Hunderte Schiffe bleiben im Persischen Golf stecken
Der Krieg im Iran hat massive Auswirkungen auf den internationalen Schiffsverkehr. Rund 400 Schiffe können die Straße von Hormus nicht passieren. Die genauen Zahlen sind schwer zu beziffern.
Der bewaffnete Konflikt im Iran führt zu erheblichen Beeinträchtigungen des Schiffsverkehrs in einer der weltweit wichtigsten Meerengen. Die Straße von Hormus, die den Persischen Golf mit dem offenen Meer verbindet, ist für den internationalen Handel von strategischer Bedeutung.
Nach aktuellem Stand sind mindestens 400 Schiffe in der Region festgesetzt und können ihre Fahrt nicht fortsetzen. Es handelt sich um Tanker und Frachter, die auf die Passage warten.

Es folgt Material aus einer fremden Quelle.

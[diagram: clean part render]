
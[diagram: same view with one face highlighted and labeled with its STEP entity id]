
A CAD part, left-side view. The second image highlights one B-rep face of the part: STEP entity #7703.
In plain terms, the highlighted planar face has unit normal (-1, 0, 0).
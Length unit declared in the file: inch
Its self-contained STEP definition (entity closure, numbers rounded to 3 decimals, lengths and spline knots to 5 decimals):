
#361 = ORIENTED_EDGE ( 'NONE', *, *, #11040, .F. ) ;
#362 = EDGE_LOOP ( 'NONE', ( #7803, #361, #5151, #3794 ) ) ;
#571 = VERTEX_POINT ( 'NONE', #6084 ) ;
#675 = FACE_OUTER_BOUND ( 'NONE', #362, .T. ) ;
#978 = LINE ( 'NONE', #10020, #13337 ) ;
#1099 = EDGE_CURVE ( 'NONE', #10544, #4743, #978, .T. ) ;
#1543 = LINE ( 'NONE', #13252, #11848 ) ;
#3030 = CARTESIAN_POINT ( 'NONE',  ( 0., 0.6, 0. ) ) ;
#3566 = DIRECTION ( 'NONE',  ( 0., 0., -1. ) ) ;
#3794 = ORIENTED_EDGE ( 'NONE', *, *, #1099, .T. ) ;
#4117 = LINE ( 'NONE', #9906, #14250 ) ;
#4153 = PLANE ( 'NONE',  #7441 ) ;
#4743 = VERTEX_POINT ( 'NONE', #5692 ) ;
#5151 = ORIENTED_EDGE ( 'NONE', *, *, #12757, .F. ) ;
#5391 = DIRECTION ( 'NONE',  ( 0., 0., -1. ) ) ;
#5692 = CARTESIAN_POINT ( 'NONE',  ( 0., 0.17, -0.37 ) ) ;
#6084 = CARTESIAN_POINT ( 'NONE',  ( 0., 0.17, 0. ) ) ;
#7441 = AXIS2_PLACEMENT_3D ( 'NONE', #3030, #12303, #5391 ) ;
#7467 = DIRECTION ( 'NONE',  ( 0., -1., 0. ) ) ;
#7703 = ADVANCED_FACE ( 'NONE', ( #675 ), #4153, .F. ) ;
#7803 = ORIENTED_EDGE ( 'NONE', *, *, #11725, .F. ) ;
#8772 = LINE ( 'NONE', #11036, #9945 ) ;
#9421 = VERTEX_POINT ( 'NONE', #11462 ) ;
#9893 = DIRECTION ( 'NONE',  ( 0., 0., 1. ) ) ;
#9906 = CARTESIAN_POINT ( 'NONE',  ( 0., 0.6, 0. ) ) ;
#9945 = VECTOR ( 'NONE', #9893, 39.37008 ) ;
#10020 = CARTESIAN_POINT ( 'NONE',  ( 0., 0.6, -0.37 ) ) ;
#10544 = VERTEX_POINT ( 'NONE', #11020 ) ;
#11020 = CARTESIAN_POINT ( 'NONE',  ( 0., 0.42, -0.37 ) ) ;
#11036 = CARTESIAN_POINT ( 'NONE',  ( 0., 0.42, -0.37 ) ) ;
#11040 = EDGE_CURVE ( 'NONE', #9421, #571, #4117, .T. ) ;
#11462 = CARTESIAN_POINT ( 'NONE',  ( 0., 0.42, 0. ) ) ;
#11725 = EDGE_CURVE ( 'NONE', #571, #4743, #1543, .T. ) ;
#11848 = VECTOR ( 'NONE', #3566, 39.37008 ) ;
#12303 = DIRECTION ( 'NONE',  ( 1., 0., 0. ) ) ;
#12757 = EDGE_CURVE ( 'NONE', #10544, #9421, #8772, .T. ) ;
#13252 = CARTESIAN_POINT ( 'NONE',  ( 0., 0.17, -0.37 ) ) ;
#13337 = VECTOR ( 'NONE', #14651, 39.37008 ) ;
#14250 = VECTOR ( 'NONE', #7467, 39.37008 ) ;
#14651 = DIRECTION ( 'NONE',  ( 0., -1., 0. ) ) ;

Experten gehen davon aus, dass täglich Hunderte Schiffe diese Route normalerweise befahren würden.
Die genaue Anzahl der betroffenen Schiffe lässt sich schwer beziffern, da keine verlässlichen aktuellen Daten vorliegen. Die angespannte Sicherheitslage in der Region zwingt Reedereien zu Vorsichtsmaßnahmen und führt zu Verzögerungen bei der Abwicklung des Welthandels.